Para elegir quince obras entre la producción dramática de varios siglos de historia es necesario renunciar a cualquier pretensión de cientificidad, exactitud analítica o aun de objetividad. Sólo queda el recurso del propio gusto y de la muy personal historia teatral.
¿Por qué ésta sí y muchas otras no? Porque honestamente dejó huellas profundas en mi propio imaginario. Nada más. No puedo asegurar que a otro le haya pasado lo mismo y, mucho menos, proponer que sea esa obra la que deba ser leída por encima de las otras. Siempre he temido a la preceptiva y he creído, por el contrario, que las grandes teorizaciones nunca han sido hechas con ánimo canonista.
Así, en mucho, mis quince obras trazan una posible ruta cultural e inclusive un mapa de los sentimientos y las aficiones que me han traído hasta el que ahora soy.
Sin embargo, por subjetivo y caótico que resulte el recuento, requiere algunos criterios. En primer lugar, el cronológico. No me fue tan difícil establecer los orígenes: parto del momento en que puedo yo hablar de dramaturgia mexicana, aun cuando desmienta al maestro Usigli que niega la mexicanidad de Juan Ruiz de Alarcón.
Más difícil me resultó trazar el límite último del recuento. Primero pensé detenerme en un autor nacido en 1945 porque esa fecha corresponde casi a la mitad del siglo XX; es, en lo internacional, el año de la Bomba de Hiroshima, así como, en lo nacional, el final de los gobiernos militares de la Revolución. Pero decidí ir justo a la mitad del siglo y empatar mi selección con la irrupción de tres dramaturgos norteños llegados, respectivamente, de Sinaloa, Chihuahua y Sonora.

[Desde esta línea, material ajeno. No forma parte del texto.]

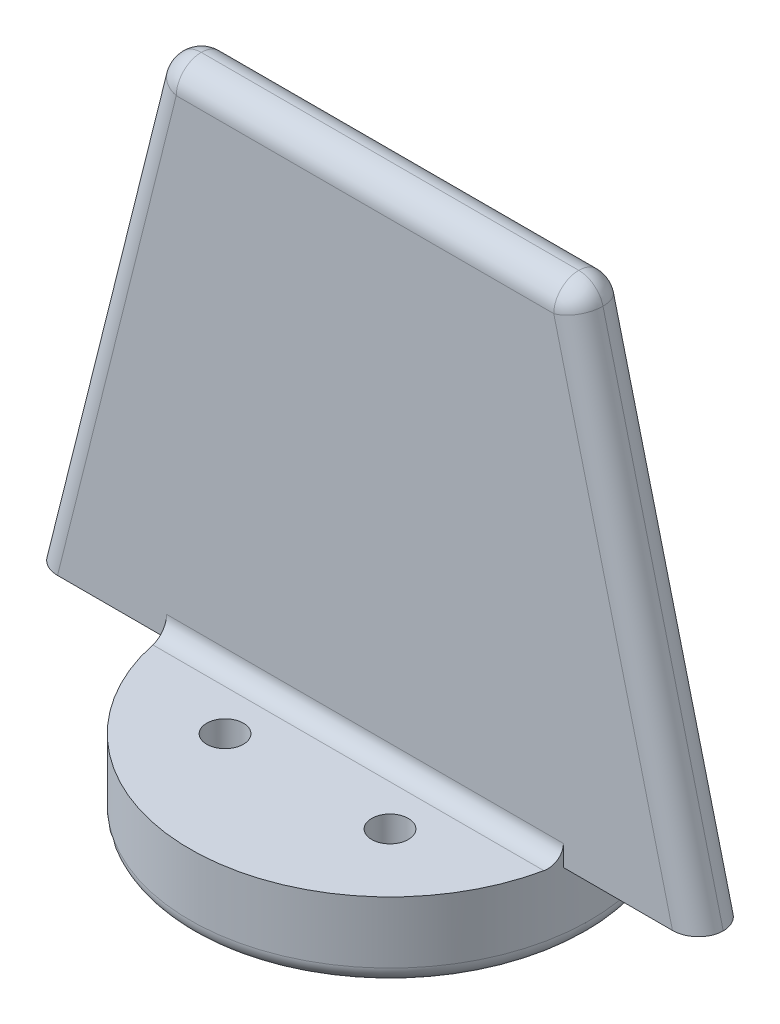
SolidWorks part; units mm, degrees
note: '?' marks a value the reader was unsure of.
ref_plane "Front Plane" through (0, 0, 0) normal (0, 0, 1) x (1, 0, 0)
ref_plane "Top Plane" through (0, 0, 0) normal (0, 1, 0) x (1, 0, 0)
ref_plane "Right Plane" through (0, 0, 0) normal (1, 0, 0) x (0, 0, -1)
sketch "Sketch1" plane through (0, 0, 0) normal (0, 1, 0) x (1, 0, 0)
  line L1 (-20, 1.5) -> (20, 1.5)
  line L2 (-20, 1.5) -> (-20, -1.5)
  line L3 (-20, -1.5) -> (20, -1.5)
  line L4 (20, 1.5) -> (20, -1.5)
  line L5 (0, -1.5) -> (0, 1.5) construction
  line L6 (-20, 0) -> (20, 0) construction
  point P0 (0, 0)
  dimension "D1" = 40
  dimension "D2" = 3
ref_plane "Plane1" through (0, 30, 0) normal (0, 1, 0) x (1, 0, 0)
sketch "Sketch2" plane through (0, 30, 0) normal (0, 1, 0) x (1, 0, 0)
  line L0 (-20, -1.5) -> (20, -1.5) construction
  line L1 (-12.5, 1.5) -> (12.5, 1.5)
  line L2 (-12.5, 1.5) -> (-12.5, -1.5)
  line L3 (-12.5, -1.5) -> (12.5, -1.5)
  line L4 (12.5, 1.5) -> (12.5, -1.5)
  line L5 (0, -1.5) -> (0, 1.5) construction
  line L6 (-12.5, 0) -> (12.5, 0) construction
  point P0 (0, 0)
  dimension "D1" = 25
loft "Loft1" add profiles "Sketch1", "Sketch2"
fillet "Fillet1" radius 1.5 6 edges
sketch "Sketch3" plane through (0, 0, 0) normal (0, -1, 0) x (1, 0, 0)
  circle A0 centre (0, 0) radius 12
  dimension "D1" = 24
extrude "Boss-Extrude1" add sketch "Sketch3" along normal blind 4.45 and the other way blind 0.25
fillet "Fillet2" radius 1 3 edges at (0, -4.45, -12) (0, 0.25, -1.5) (0, 0.25, 1.5)
sketch "Sketch4" plane through (0, -4.45, 0) normal (0, -1, 0) x (1, 0, 0)
  circle A0 centre (0, 0) radius 10
extrude "Cut-Extrude1" cut sketch "Sketch4" against normal blind 2.45
ref_axis "Axis1" through (0, 30, 0) along (0, -1, 0)?
sketch "Sketch8" plane through (0, 0.25, 0) normal (0, 1, 0) x (1, 0, 0)
  circle A1 centre (4.9497, 4.9497) radius 1.1
  point P5 (4.9497, 4.9497)
extrude "Cut-Extrude2" cut sketch "Sketch8" against normal through all
pattern_circular "CirPattern1" count 4 over 360 about axis through (0, 0, 0) along (0, 1, 0) of "Cut-Extrude2"

Empato así mi recuento con la consolidación del PRI, es decir, del “cachorro de la revolución”, Miguel Alemán, y de la aceptación tanto de la entelequia nacionalista como del oxímoron de una revolución institucionalizada. Así, mi último autor nació en 1951, ya en el final del sexenio alemanista y en el principio del lema ruizcortinista de “trabajo fecundo y creador” que inauguró la vaciedad ideológica y una ambigüedad capaz de convertir en patriótico cuanto sirva a los intereses de un partido ya no de generales sino de caciquismo civilista.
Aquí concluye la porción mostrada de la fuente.